The David Nott Foundation is a foundation aimed at assisting with training of surgeons for areas of conflict. The charity was set up by Welsh "war surgeon" David Nott.

Founding 
On a mission to Libya, general and vascular surgeon David Nott began to realise that a lot of the medical staff there were not trained for the kinds of injuries they were encountering. He began running a Definitive Surgical Trauma Skills workshop for his colleagues in the hospital. This experience, in part, led to Nott setting up the David Nott Foundation in 2015, along with his wife Elly, who led the charity as Chief Executive until 2019.

Training 
The David Nott Foundation provides surgical training for doctors and nurses who work in war and disaster zones. The training courses focus on life saving surgical procedures that are crucial in austere environments, with doctors given the opportunity to practice on real bodies, supported by other resources, including videos and anatomical models. The courses are run with the Royal College of Surgeons for five days every six months and are fully funded by the foundation through a scholarship scheme for surgeons working in hostile conditions.

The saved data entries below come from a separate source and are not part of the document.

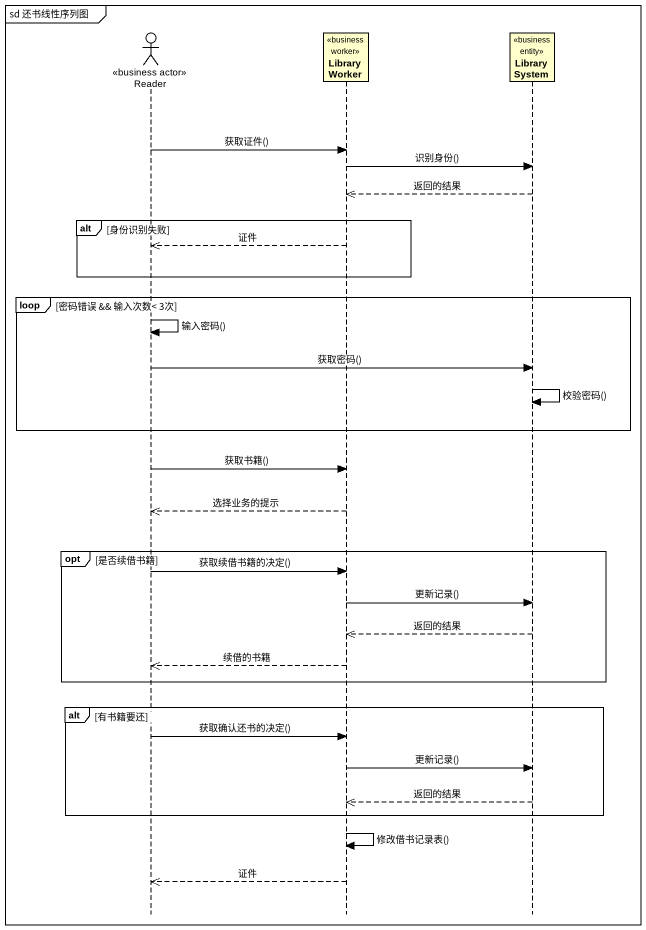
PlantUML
@startuml
mainframe sd 还书线性序列图
hide footbox
actor Reader <<business actor>>
participant LibraryWorker <<business worker>>
participant LibrarySystem <<business entity>>

Reader -> LibraryWorker : 获取证件()
LibraryWorker -> LibrarySystem : 识别身份()
LibrarySystem -->> LibraryWorker : 返回的结果
alt 身份识别失败
  LibraryWorker -->> Reader : 证件
end
loop 密码错误 && 输入次数< 3次
  Reader -> Reader : 输入密码()
  Reader -> LibrarySystem : 获取密码()
  LibrarySystem -> LibrarySystem : 校验密码()
end
Reader -> LibraryWorker : 获取书籍()
LibraryWorker -->> Reader : 选择业务的提示
opt 是否续借书籍
  Reader -> LibraryWorker : 获取续借书籍的决定()
  LibraryWorker -> LibrarySystem : 更新记录()
  LibrarySystem -->> LibraryWorker : 返回的结果
  LibraryWorker -->> Reader : 续借的书籍
end
alt 有书籍要还
  Reader -> LibraryWorker : 获取确认还书的决定()
  LibraryWorker -> LibrarySystem : 更新记录()
  LibrarySystem -->> LibraryWorker : 返回的结果
end
LibraryWorker -> LibraryWorker : 修改借书记录表()
LibraryWorker -->> Reader : 证件
@enduml
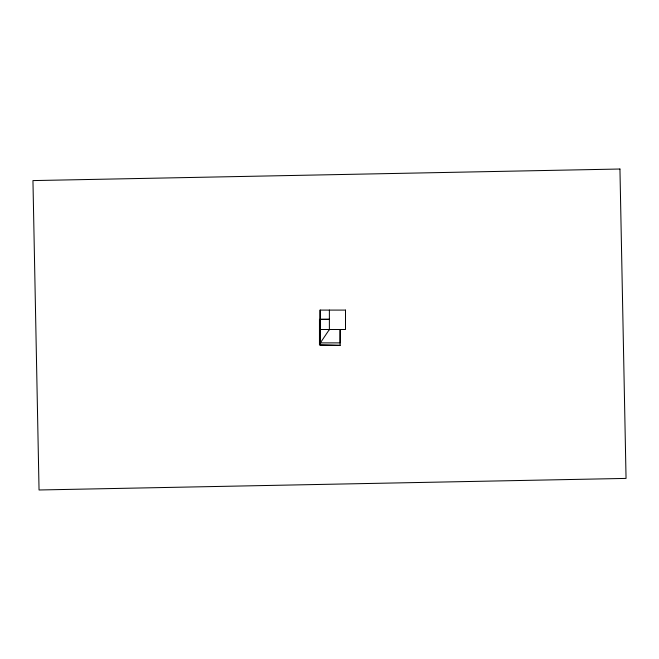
<?xml version="1.0" encoding="UTF-8"?>
<svg xmlns="http://www.w3.org/2000/svg" width="659" height="659" viewBox="0 0 659 659"><rect width="100%" height="100%" fill="white"/><g stroke="black" fill="none" stroke-linecap="round" stroke-linejoin="round"><path stroke-width="0.99" d="M340.176 329.5L340.126 342.878L320.348 342.878L319.458 344.822L340.126 345.489L340.126 329.5M320.323 329.5L320.348 342.878L329.376 329.5M320.348 319.351L329.376 319.351L319.458 319.409L319.458 344.822M319.936 319.409L329.376 319.409M340.126 345.234L320.323 345.234L320.299 310.092M320.323 319.409L320.348 342.878M329.376 310.092L329.376 329.797M619.946 169.017L32.95 180.591L39.046 489.983L626.05 478.409L619.946 169.017M345.505 310.092L319.936 310.092L319.936 329.5L345.505 329.5L345.505 310.092"/></g></svg>

These courses are also delivered on the front line, where doctors are unable to leave their posts, and have already been held in Yemen, Libya and Iraq, among others. The front line Hostile Environment Surgical Training courses (HEST) last for four days. They focus on a wide range of skills, including treating gun shot wounds and carrying out vascular surgery, with the help of a full-body simulator. The simulator is a perfectly accurate model of the human body and can be used to demonstrate various procedures.

More recently, the foundation has provided surgical training for areas of conflict in Ukraine, during the Russo-Ukrainian War.